Die US-Hypothekenkrise sorgt an den weltweiten Finanzmärkten weiter für Wirbel. Die Turbulenzen haben mittlerweile auch Großbritannien erreicht, wo der fünfgrößte Hypothekenfinanzierer Northern Rock in Schieflage geraten ist und von der Bank of England (BoE) am Freitag finanziell gestützt werden musste. Der Kurs der Aktie brach an der Londoner Börse um rund ein Fünftel ein. Deutsche Finanzwerte gerieten ebenfalls unter Abgabedruck und zogen den Dax ins Minus.

Der deutsche Börsenleitindex fiel am Freitag um 0,5 Prozent auf 7498 Punkte und damit wieder unter die 7500er Marke. «Das nährt Spekulationen, dass die Krise am US-Immobilienmarkt nun auch Blasen an den europäischen Märkten zum Platzen bringen könnte», sagte ein Händler. Alle Dax-Finanzwerte büßten zum Wochenschluss ein: Commerzbank verloren 4,1 Prozent, Deutsche Postbank und Hypo Real Estate jeweils 1,9 Prozent, Deutsche Bank 1,3, Allianz 0,7 Prozent und Münchener Rück 0,6 Prozent.

Das Minus bei Northern Rock fiel mit etwa 25 Prozent deutlicher aus. Das Unternehmen hatte eine Gewinnwarnung ausgesprochen und mitgeteilt, wenn die Störung am Kreditmarkt wie erwartet bis zum Jahresende anhalte, werde sich das auf das Wachstum des Geschäfts und damit auch auf den Gewinn negativ auswirken. So dürfte der Vorsteuergewinn mit 500 Millionen bis 540 Millionen Britischen Pfund (730 Millionen bis 790 Millionen Euro) deutlich unter dem des Vorjahres von 588 Millionen Britischen Pfund bleiben.

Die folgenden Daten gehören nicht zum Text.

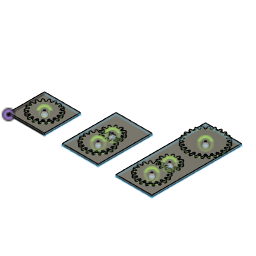
10-dimension-adjust-practice (Autodesk Fusion 360 design; units mm, degrees)
description: Spur Gear; Module: 2.000000; Num Teeth: 18; Pressure Angle: 20.000000; Backlash: 0.00 mm
description: Spur Gear; Module: 2.000000; Num Teeth: 12; Pressure Angle: 20.000000; Backlash: 0.00 mm
description: Spur Gear; Module: 2.000000; Num Teeth: 24; Pressure Angle: 20.000000; Backlash: 0.00 mm
Autodesk Fusion 360 part; units mm, degrees
sketch "スケッチ1" plane through (0, 0, 0) normal (0, 1, 0) x (1, 0, 0)
  line L0 (0, 0) -> (50, 0)
  line L1 (50, 0) -> (50, 50)
  line L2 (50, 50) -> (0, 50)
  line L3 (0, 50) -> (0, 0)
  circle A0 centre (25, 25) radius 1
  line L4 (75, 0) -> (125, 0)
  line L5 (125, 0) -> (125, 75)
  line L6 (125, 75) -> (75, 75)
  line L7 (75, 75) -> (75, 0)
  line L8 (150, 0) -> (200, 0)
  line L9 (200, 0) -> (200, 125)
  line L10 (200, 125) -> (150, 125)
  line L11 (150, 125) -> (150, 0)
  circle A1 centre (100, 25) radius 1
  circle A2 centre (100, 45) radius 1
  circle A3 centre (175, 25) radius 1
  circle A4 centre (175, 50) radius 1
  circle A5 centre (175, 100) radius 1
  dimension "d1" = 2
  dimension "d4" = 2
  dimension "d5" = 2
  dimension "d6" = 2
  dimension "d7" = 2
  dimension "d8" = 2
  constraint horizontal L0
  constraint vertical L1
  constraint horizontal L2
  constraint vertical L3
  constraint coincident L0.start L3.end
  constraint horizontal L4
  constraint vertical L5
  constraint horizontal L6
  constraint vertical L7
  constraint horizontal L8
  constraint vertical L9
  constraint horizontal L10
  constraint vertical L11
  measures "d1" diameter of A0
  measures "d4" diameter of A1
  measures "d5" diameter of A2
  measures "d6" diameter of A3
  measures "d7" diameter of A4
  measures "d8" diameter of A5
extrude "押し出し1" add sketch "スケッチ1" along normal blind 2.5 makes body 1 at (24.9751, 0, -41.9991) makes body 2 at (99.985, 0, -65.333) makes body 3 at (158.0114, 0, -58.4196)
cylinder "円柱プリミティブ2" add diameter 2 height 5 placed x (1, 0, 0) y (0, 0, -1) z (0, 1, 0) at (0, 0, -55) separate body makes body 4
copy_body "ボディ -> コンポーネント1" bodies 1 removing the originals makes body 5 in component "土台1"
copy_body "ボディ -> コンポーネント3" bodies 4 removing the originals makes body 6 in component "軸1"
sketch "スケッチ1 (2)" plane through (0, 0, 0) normal (0, 0, 1) x (1, 0, 0) in component "Spur Gear (18 teeth)"
  circle A0 centre (0, 0) radius 15.5492
  circle A1 centre (0, 0) radius 1
extrude "押し出し1'" add sketch "スケッチ1 (2)" along normal blind 2.5 separate body makes body 7 in component "Spur Gear (18 teeth)"
sketch "スケッチ2" plane through (0, 0, 0) normal (0, 0, 1) x (1, 0, 0) in component "Spur Gear (18 teeth)"
  spline S0 degree 5 poles (16.8263, -1.7252) (16.8353, -1.7261) (16.8534, -1.7277) (16.8805, -1.7293) (16.9168, -1.7301) (16.9623, -1.7292) (17.0078, -1.7268) (17.0533, -1.7236) (17.0989, -1.7199) (17.1446, -1.7159) (17.1902, -1.7115) (17.2359, -1.7067) (17.2816, -1.7013) (17.3273, -1.6953) (17.373, -1.6885) (17.4187, -1.6812) (17.4644, -1.6733) (17.5101, -1.6649) (17.5558, -1.6561) (17.6016, -1.647) (17.6473, -1.6374) (17.693, -1.6275) (17.7387, -1.6172) (17.7844, -1.6064) (17.8301, -1.5952) (17.8757, -1.5836) (17.9214, -1.5716) (17.967, -1.5592) (18.0127, -1.5465) (18.0583, -1.5335) (18.1039, -1.5201) (18.1494, -1.5063) (18.195, -1.4922) (18.2405, -1.4777) (18.286, -1.463) (18.3315, -1.4478) (18.377, -1.4324) (18.4224, -1.4166) (18.4678, -1.4005) (18.5132, -1.3841) (18.5585, -1.3674) (18.6038, -1.3503) (18.6491, -1.333) (18.6943, -1.3153) (18.7396, -1.2974) (18.7847, -1.2791) (18.8299, -1.2606) (18.875, -1.2418) (18.9201, -1.2226) (18.9651, -1.2032) (19.0101, -1.1835) (19.055, -1.1635) (19.1, -1.1433) (19.1448, -1.1227) (19.1897, -1.1019) (19.2344, -1.0808) (19.2792, -1.0594) (19.3239, -1.0378) (19.3685, -1.0159) (19.4131, -0.9937) (19.4577, -0.9712) (19.5022, -0.9485) (19.5467, -0.9255) (19.5911, -0.9023) (19.6354, -0.8788) (19.6797, -0.855) (19.724, -0.831) (19.7682, -0.8067) (19.8123, -0.7822) (19.8564, -0.7574) (19.9005, -0.7324) (19.9357, -0.7122) (19.962, -0.6969) (19.9796, -0.6867) (19.9884, -0.6815) knots 0 0 0 0 0 0 0.01428571 0.02857143 0.04285714 0.05714286 0.07142857 0.08571429 0.1 0.11428571 0.12857143 0.14285714 0.15714286 0.17142857 0.18571429 0.2 0.21428571 0.22857143 0.24285714 0.25714286 0.27142857 0.28571429 0.3 0.31428571 0.32857143 0.34285714 0.35714286 0.37142857 0.38571429 0.4 0.41428571 0.42857143 0.44285714 0.45714286 0.47142857 0.48571429 0.5 0.51428571 0.52857143 0.54285714 0.55714286 0.57142857 0.58571429 0.6 0.61428571 0.62857143 0.64285714 0.65714286 0.67142857 0.68571429 0.7 0.71428571 0.72857143 0.74285714 0.75714286 0.77142857 0.78571429 0.8 0.81428571 0.82857143 0.84285714 0.85714286 0.87142857 0.88571429 0.9 0.91428571 0.92857143 0.94285714 0.95714286 0.97142857 0.98571429 1 1 1 1 1 1
  spline S1 degree 5 poles (16.8263, 1.7252) (16.8353, 1.7261) (16.8534, 1.7277) (16.8805, 1.7293) (16.9168, 1.7301) (16.9623, 1.7292) (17.0078, 1.7268) (17.0533, 1.7236) (17.0989, 1.7199) (17.1446, 1.7159) (17.1902, 1.7115) (17.2359, 1.7067) (17.2816, 1.7013) (17.3273, 1.6953) (17.373, 1.6885) (17.4187, 1.6812) (17.4644, 1.6733) (17.5101, 1.6649) (17.5558, 1.6561) (17.6016, 1.647) (17.6473, 1.6374) (17.693, 1.6275) (17.7387, 1.6172) (17.7844, 1.6064) (17.8301, 1.5952) (17.8757, 1.5836) (17.9214, 1.5716) (17.967, 1.5592) (18.0127, 1.5465) (18.0583, 1.5335) (18.1039, 1.5201) (18.1494, 1.5063) (18.195, 1.4922) (18.2405, 1.4777) (18.286, 1.463) (18.3315, 1.4478) (18.377, 1.4324) (18.4224, 1.4166) (18.4678, 1.4005) (18.5132, 1.3841) (18.5585, 1.3674) (18.6038, 1.3503) (18.6491, 1.333) (18.6943, 1.3153) (18.7396, 1.2974) (18.7847, 1.2791) (18.8299, 1.2606) (18.875, 1.2418) (18.9201, 1.2226) (18.9651, 1.2032) (19.0101, 1.1835) (19.055, 1.1635) (19.1, 1.1433) (19.1448, 1.1227) (19.1897, 1.1019) (19.2344, 1.0808) (19.2792, 1.0594) (19.3239, 1.0378) (19.3685, 1.0159) (19.4131, 0.9937) (19.4577, 0.9712) (19.5022, 0.9485) (19.5467, 0.9255) (19.5911, 0.9023) (19.6354, 0.8788) (19.6797, 0.855) (19.724, 0.831) (19.7682, 0.8067) (19.8123, 0.7822) (19.8564, 0.7574) (19.9005, 0.7324) (19.9357, 0.7122) (19.962, 0.6969) (19.9796, 0.6867) (19.9884, 0.6815) knots 0 0 0 0 0 0 0.01428571 0.02857143 0.04285714 0.05714286 0.07142857 0.08571429 0.1 0.11428571 0.12857143 0.14285714 0.15714286 0.17142857 0.18571429 0.2 0.21428571 0.22857143 0.24285714 0.25714286 0.27142857 0.28571429 0.3 0.31428571 0.32857143 0.34285714 0.35714286 0.37142857 0.38571429 0.4 0.41428571 0.42857143 0.44285714 0.45714286 0.47142857 0.48571429 0.5 0.51428571 0.52857143 0.54285714 0.55714286 0.57142857 0.58571429 0.6 0.61428571 0.62857143 0.64285714 0.65714286 0.67142857 0.68571429 0.7 0.71428571 0.72857143 0.74285714 0.75714286 0.77142857 0.78571429 0.8 0.81428571 0.82857143 0.84285714 0.85714286 0.87142857 0.88571429 0.9 0.91428571 0.92857143 0.94285714 0.95714286 0.97142857 0.98571429 1 1 1 1 1 1
  arc A0 (19.9884, -0.6815) -> (19.9884, 0.6815) centre (0, 0) ccw
  line L0 (15.4582, -1.5859) -> (16.8263, -1.7252)
  line L1 (15.4582, 1.5859) -> (16.8263, 1.7252)
  line L2 (15.4582, -1.5859) -> (15.4582, 1.5859)
  point P0 (17.0479, -1.7239)
  point P1 (17.2716, -1.7024)
  point P2 (17.4964, -1.6673)
  point P3 (17.7221, -1.6209)
  point P4 (17.9484, -1.5642)
  point P5 (18.1752, -1.4983)
  point P6 (18.4023, -1.4236)
  point P7 (18.6295, -1.3405)
  point P8 (18.8567, -1.2494)
  point P9 (19.0838, -1.1505)
  point P10 (19.3106, -1.0442)
  point P11 (19.5371, -0.9304)
  point P12 (19.763, -0.8095)
  point P13 (17.0479, 1.7239)
  point P14 (17.2716, 1.7024)
  point P15 (17.4964, 1.6673)
  point P16 (17.7221, 1.6209)
  point P17 (17.9484, 1.5642)
  point P18 (18.1752, 1.4983)
  point P19 (18.4023, 1.4236)
  point P20 (18.6295, 1.3405)
  point P21 (18.8567, 1.2494)
  point P22 (19.0838, 1.1505)
  point P23 (19.3106, 1.0442)
  point P24 (19.5371, 0.9304)
  point P25 (19.763, 0.8095)
extrude "押し出し2" add sketch "スケッチ2" along normal blind 2.5 bodies 7 in component "Spur Gear (18 teeth)"
fillet "フィレット1" radius 1 2 edges at (15.468, -1.5869, 1.25) (15.468, 1.5869, 1.25) on bodies 7 in component "Spur Gear (18 teeth)"
pattern_circular "C パターン1" count 18 over 360 about axis through (0, 0, 0) along (0, 0, 1) of "押し出し2", "フィレット1" in component "Spur Gear (18 teeth)"
sketch "スケッチ3" plane through (0, 0, 0) normal (0, 0, 1) x (1, 0, 0) in component "Spur Gear (18 teeth)"
  circle A0 centre (0, 0) radius 18 construction
cylinder "円柱プリミティブ3" add diameter 2 height 5 placed x (1, 0, 0) y (0, 0, -1) z (0, 1, 0) at (75, 0, -80) separate body makes body 8
copy_body "ボディ -> コンポーネント4" bodies 2 removing the originals makes body 9 in component "土台2"
copy_body "ボディ -> コンポーネント5" bodies 8 removing the originals makes body 10 in component "軸2"
sketch "スケッチ1 (3)" plane through (0, 0, 0) normal (0, 0, 1) x (1, 0, 0) in component "Spur Gear (18 teeth) (1)"
  circle A0 centre (0, 0) radius 15.5492
  circle A1 centre (0, 0) radius 1
extrude "押し出し1''" add sketch "スケッチ1 (3)" along normal blind 2.5 separate body makes body 11 in component "Spur Gear (18 teeth) (1)"
sketch "スケッチ2 (2)" plane through (0, 0, 0) normal (0, 0, 1) x (1, 0, 0) in component "Spur Gear (18 teeth) (1)"
  spline S0 degree 5 poles (16.8263, -1.7252) (16.8353, -1.7261) (16.8534, -1.7277) (16.8805, -1.7293) (16.9168, -1.7301) (16.9623, -1.7292) (17.0078, -1.7268) (17.0533, -1.7236) (17.0989, -1.7199) (17.1446, -1.7159) (17.1902, -1.7115) (17.2359, -1.7067) (17.2816, -1.7013) (17.3273, -1.6953) (17.373, -1.6885) (17.4187, -1.6812) (17.4644, -1.6733) (17.5101, -1.6649) (17.5558, -1.6561) (17.6016, -1.647) (17.6473, -1.6374) (17.693, -1.6275) (17.7387, -1.6172) (17.7844, -1.6064) (17.8301, -1.5952) (17.8757, -1.5836) (17.9214, -1.5716) (17.967, -1.5592) (18.0127, -1.5465) (18.0583, -1.5335) (18.1039, -1.5201) (18.1494, -1.5063) (18.195, -1.4922) (18.2405, -1.4777) (18.286, -1.463) (18.3315, -1.4478) (18.377, -1.4324) (18.4224, -1.4166) (18.4678, -1.4005) (18.5132, -1.3841) (18.5585, -1.3674) (18.6038, -1.3503) (18.6491, -1.333) (18.6943, -1.3153) (18.7396, -1.2974) (18.7847, -1.2791) (18.8299, -1.2606) (18.875, -1.2418) (18.9201, -1.2226) (18.9651, -1.2032) (19.0101, -1.1835) (19.055, -1.1635) (19.1, -1.1433) (19.1448, -1.1227) (19.1897, -1.1019) (19.2344, -1.0808) (19.2792, -1.0594) (19.3239, -1.0378) (19.3685, -1.0159) (19.4131, -0.9937) (19.4577, -0.9712) (19.5022, -0.9485) (19.5467, -0.9255) (19.5911, -0.9023) (19.6354, -0.8788) (19.6797, -0.855) (19.724, -0.831) (19.7682, -0.8067) (19.8123, -0.7822) (19.8564, -0.7574) (19.9005, -0.7324) (19.9357, -0.7122) (19.962, -0.6969) (19.9796, -0.6867) (19.9884, -0.6815) knots 0 0 0 0 0 0 0.01428571 0.02857143 0.04285714 0.05714286 0.07142857 0.08571429 0.1 0.11428571 0.12857143 0.14285714 0.15714286 0.17142857 0.18571429 0.2 0.21428571 0.22857143 0.24285714 0.25714286 0.27142857 0.28571429 0.3 0.31428571 0.32857143 0.34285714 0.35714286 0.37142857 0.38571429 0.4 0.41428571 0.42857143 0.44285714 0.45714286 0.47142857 0.48571429 0.5 0.51428571 0.52857143 0.54285714 0.55714286 0.57142857 0.58571429 0.6 0.61428571 0.62857143 0.64285714 0.65714286 0.67142857 0.68571429 0.7 0.71428571 0.72857143 0.74285714 0.75714286 0.77142857 0.78571429 0.8 0.81428571 0.82857143 0.84285714 0.85714286 0.87142857 0.88571429 0.9 0.91428571 0.92857143 0.94285714 0.95714286 0.97142857 0.98571429 1 1 1 1 1 1
  spline S1 degree 5 poles (16.8263, 1.7252) (16.8353, 1.7261) (16.8534, 1.7277) (16.8805, 1.7293) (16.9168, 1.7301) (16.9623, 1.7292) (17.0078, 1.7268) (17.0533, 1.7236) (17.0989, 1.7199) (17.1446, 1.7159) (17.1902, 1.7115) (17.2359, 1.7067) (17.2816, 1.7013) (17.3273, 1.6953) (17.373, 1.6885) (17.4187, 1.6812) (17.4644, 1.6733) (17.5101, 1.6649) (17.5558, 1.6561) (17.6016, 1.647) (17.6473, 1.6374) (17.693, 1.6275) (17.7387, 1.6172) (17.7844, 1.6064) (17.8301, 1.5952) (17.8757, 1.5836) (17.9214, 1.5716) (17.967, 1.5592) (18.0127, 1.5465) (18.0583, 1.5335) (18.1039, 1.5201) (18.1494, 1.5063) (18.195, 1.4922) (18.2405, 1.4777) (18.286, 1.463) (18.3315, 1.4478) (18.377, 1.4324) (18.4224, 1.4166) (18.4678, 1.4005) (18.5132, 1.3841) (18.5585, 1.3674) (18.6038, 1.3503) (18.6491, 1.333) (18.6943, 1.3153) (18.7396, 1.2974) (18.7847, 1.2791) (18.8299, 1.2606) (18.875, 1.2418) (18.9201, 1.2226) (18.9651, 1.2032) (19.0101, 1.1835) (19.055, 1.1635) (19.1, 1.1433) (19.1448, 1.1227) (19.1897, 1.1019) (19.2344, 1.0808) (19.2792, 1.0594) (19.3239, 1.0378) (19.3685, 1.0159) (19.4131, 0.9937) (19.4577, 0.9712) (19.5022, 0.9485) (19.5467, 0.9255) (19.5911, 0.9023) (19.6354, 0.8788) (19.6797, 0.855) (19.724, 0.831) (19.7682, 0.8067) (19.8123, 0.7822) (19.8564, 0.7574) (19.9005, 0.7324) (19.9357, 0.7122) (19.962, 0.6969) (19.9796, 0.6867) (19.9884, 0.6815) knots 0 0 0 0 0 0 0.01428571 0.02857143 0.04285714 0.05714286 0.07142857 0.08571429 0.1 0.11428571 0.12857143 0.14285714 0.15714286 0.17142857 0.18571429 0.2 0.21428571 0.22857143 0.24285714 0.25714286 0.27142857 0.28571429 0.3 0.31428571 0.32857143 0.34285714 0.35714286 0.37142857 0.38571429 0.4 0.41428571 0.42857143 0.44285714 0.45714286 0.47142857 0.48571429 0.5 0.51428571 0.52857143 0.54285714 0.55714286 0.57142857 0.58571429 0.6 0.61428571 0.62857143 0.64285714 0.65714286 0.67142857 0.68571429 0.7 0.71428571 0.72857143 0.74285714 0.75714286 0.77142857 0.78571429 0.8 0.81428571 0.82857143 0.84285714 0.85714286 0.87142857 0.88571429 0.9 0.91428571 0.92857143 0.94285714 0.95714286 0.97142857 0.98571429 1 1 1 1 1 1
  arc A0 (19.9884, -0.6815) -> (19.9884, 0.6815) centre (0, 0) ccw
  line L0 (15.4582, -1.5859) -> (16.8263, -1.7252)
  line L1 (15.4582, 1.5859) -> (16.8263, 1.7252)
  line L2 (15.4582, -1.5859) -> (15.4582, 1.5859)
  point P0 (17.0479, -1.7239)
  point P1 (17.2716, -1.7024)
  point P2 (17.4964, -1.6673)
  point P3 (17.7221, -1.6209)
  point P4 (17.9484, -1.5642)
  point P5 (18.1752, -1.4983)
  point P6 (18.4023, -1.4236)
  point P7 (18.6295, -1.3405)
  point P8 (18.8567, -1.2494)
  point P9 (19.0838, -1.1505)
  point P10 (19.3106, -1.0442)
  point P11 (19.5371, -0.9304)
  point P12 (19.763, -0.8095)
  point P13 (17.0479, 1.7239)
  point P14 (17.2716, 1.7024)
  point P15 (17.4964, 1.6673)
  point P16 (17.7221, 1.6209)
  point P17 (17.9484, 1.5642)
  point P18 (18.1752, 1.4983)
  point P19 (18.4023, 1.4236)
  point P20 (18.6295, 1.3405)
  point P21 (18.8567, 1.2494)
  point P22 (19.0838, 1.1505)
  point P23 (19.3106, 1.0442)
  point P24 (19.5371, 0.9304)
  point P25 (19.763, 0.8095)
extrude "押し出し2'" add sketch "スケッチ2 (2)" along normal blind 2.5 bodies 11 in component "Spur Gear (18 teeth) (1)"
fillet "フィレット1'" radius 1 2 edges at (15.468, -1.5869, 1.25) (15.468, 1.5869, 1.25) on bodies 11 in component "Spur Gear (18 teeth) (1)"
pattern_circular "C パターン1'" count 18 over 360 about axis through (0, 0, 0) along (0, 0, 1) of "押し出し2'", "フィレット1'" in component "Spur Gear (18 teeth) (1)"
sketch "スケッチ3 (2)" plane through (0, 0, 0) normal (0, 0, 1) x (1, 0, 0) in component "Spur Gear (18 teeth) (1)"
  circle A0 centre (0, 0) radius 18 construction
sketch "スケッチ1 (4)" plane through (0, 0, 0) normal (0, 0, 1) x (1, 0, 0) in component "Spur Gear (12 teeth)"
  circle A0 centre (0, 0) radius 9.5492
  circle A1 centre (0, 0) radius 1
extrude "押し出し1'''" add sketch "スケッチ1 (4)" along normal blind 2.5 separate body makes body 12 in component "Spur Gear (12 teeth)"
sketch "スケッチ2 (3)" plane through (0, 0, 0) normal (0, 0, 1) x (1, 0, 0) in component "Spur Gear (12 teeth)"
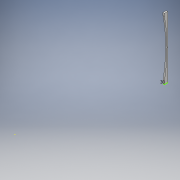
# Autodesk Inventor part: Group Bridge
Saved by Autodesk Inventor 2018 (Build 220112000, 112)
## iProperties
Created: 2018-05-02
Part Number: Group Bridge
Material: Generic
Document SubType Name: Modeling
Designer: Owner
Density: 1 g/cm^3
Appearance: Default
Author: Owner
Autodesk Inventor part; units mm, degrees
ref_plane "YZ Plane" through (0, 0, 0) normal (1, 0, 0) x (0, 1, 0)
ref_plane "XZ Plane" through (0, 0, 0) normal (0, 1, 0) x (-1, 0, 0)
ref_plane "XY Plane" through (0, 0, 0) normal (0, 0, 1) x (1, 0, 0)
sketch "Sketch1" plane through (0, 0, 0) normal (0, 0, 1) x (1, 0, 0)
  line L0 (-7.8997, 15.5643) -> (8.1818, 15.5643)
  line L1 (8.1818, 15.5643) -> (8.1818, -14.4357)
  line L2 (8.1818, -14.4357) -> (-7.8997, -14.4357)
  line L3 (-7.8997, -14.4357) -> (-7.8997, 15.5643)
  line L4 (8.1818, 15.5643) -> (-7.8997, 15.5643)
  line L5 (-7.8997, 15.5643) -> (-7.8997, 23.2199)
  line L6 (-7.8997, 23.2199) -> (8.1818, 23.2199)
  line L7 (8.1818, 23.2199) -> (8.1818, 15.5643)
  point P0 (0, 0)
  dimension "d6" = 30
  constraints: 16 end point, 4 parallel, 2 horizontal, 2 perpendicular
  measures "d6" distance of L2.end L0.start
extrude "Extrusion1" add sketch "Sketch1" along normal blind 700 contours L0 L1 L2 L3
sketch "Sketch2" plane through (8.1818, -14.4357, 0) normal (1, 0, 0) x (0, 0, -1)
  line L0 (0, 0) -> (-700, 0) projected
  arc A0 (-30, 0) -> (-670, 0) centre (-350, -1691.6667) ccw
  line L1 (-30, 0) -> (-670, 0)
  line L2 (0, 30) -> (-700, 30) projected
  point P0 (0, 14.4357)
  dimension "d4" = 30
  dimension "d5" = 30
  constraints: 2 end point, 2 point on circle, 1 centre point, 1 collinear, 1 point on line, 1 tangent
  measures "d4" distance of L0.start L1.start
  measures "d5" distance of L0.end L1.end
extrude "Extrusion2" cut sketch "Sketch2" against normal blind 90000
sketch "Sketch3" plane through (0, 0, 0) normal (0, 0, -1) x (-1, 0, 0)
  point P0 (0, 0)
extrude "Extrusion3" add sketch "Sketch1" along normal up to surface (700 mm away) contours L5 L6 L7 L0
equation "\"d5\" = d4"
body "Solid1"
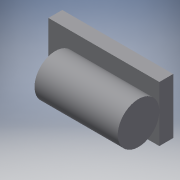
# Autodesk Inventor part: Part41
Saved by Autodesk Inventor 2016 (Build 200138000, 138)
## iProperties
Created: 2016-01-27
Part Number: Part41
Material: Generic
Document SubType Name: Modeling
Designer: seve
Density: 1 g/cm^3
Appearance: Default
Author: seve
Autodesk Inventor part; units mm, degrees
ref_plane "YZ Plane" through (0, 0, 0) normal (1, 0, 0) x (0, 1, 0)
ref_plane "XZ Plane" through (0, 0, 0) normal (0, 1, 0) x (-1, 0, 0)
ref_plane "XY Plane" through (0, 0, 0) normal (0, 0, 1) x (1, 0, 0)
sketch "Sketch1" plane through (0, 0, 0) normal (0, 0, 1) x (1, 0, 0)
  circle A0 centre (0.0041, -0.0026) radius 0.7938 projected
  line L0 (-3.1151, -1.4952) -> (3.2349, -1.4952)
  line L1 (3.2349, -1.4952) -> (3.2349, 1.6798)
  line L2 (3.2349, 1.6798) -> (-3.1151, 1.6798)
  line L3 (-3.1151, 1.6798) -> (-3.1151, -1.4952)
  point P0 (0, 0)
  dimension "d0" = 6.35
  dimension "d1" = 3.175
  constraints: 8 end point, 2 parallel, 1 horizontal, 1 perpendicular
  measures "d0" distance of L1.end L2.end
  measures "d1" distance of L0.end L1.end
extrude "Extrusion1" add sketch "Sketch1" along normal blind 0.7937 contours A0 | L3 L2 L1 L0
sketch "Sketch2" plane through (3.2349, -1.4952, 0) normal (1, 0, 0) x (0, 0, -1)
  circle A0 centre (-1.9844, 1.7393) radius 1.1906
  line L0 (-0.7937, 0) -> (-0.7937, 3.175) projected
  point P0 (0, 1.4952)
  dimension "d4" = 2.3813
  constraints: 1 centre point, 1 tangent
  measures "d4" diameter of A0
extrude "Extrusion2" add sketch "Sketch2" against normal blind 4.7625
sketch "Sketch3" plane through (0, 0, 0.7937) normal (0, 0, 1) x (1, 0, 0)
  point P0 (0, 0)
body "Solid1"

Die Bank of England griff daraufhin ein und stellt dem Hypothekenfinanzierer mit Sitz in Newcastle upon Tyne sogenannte Liquiditätslinien zur Finanzierung seines Geschäfts bereit, nachdem der Konzern seine Refinanzierung am Markt nicht mehr zu auskömmlichen Konditionen sicher stellen kann. Beide Seiten und das britische Schatzamt bestätigten am Freitag eine entsprechende Vereinbarung. Gegen angemessene Sicherheit und Zinsaufschlag dürfe die Bank of England der Bank Liquiditätshilfen geben, heißt es darin.

Erstes prominentes Opfer der US-Immobilienkrise war die größte US-Hypothekenbank Countrywide. Das kalifornische Unternehmen gab mittlerweile bekannt, mit bis zu 12 000 Mitarbeitern nahezu ein Fünftel seiner Belegschaft zu entlassen. Innerhalb rund eines Monats musste man zudem zwei Kreditlinien von insgesamt 23,5 Milliarden Dollar (fast 17 Milliarden Euro) in Anspruch nehmen, um liquide zu bleiben und eine Insolvenz zu verhindern. Analysten zufolge ist Northern Rock nun ein Übernahmeziel.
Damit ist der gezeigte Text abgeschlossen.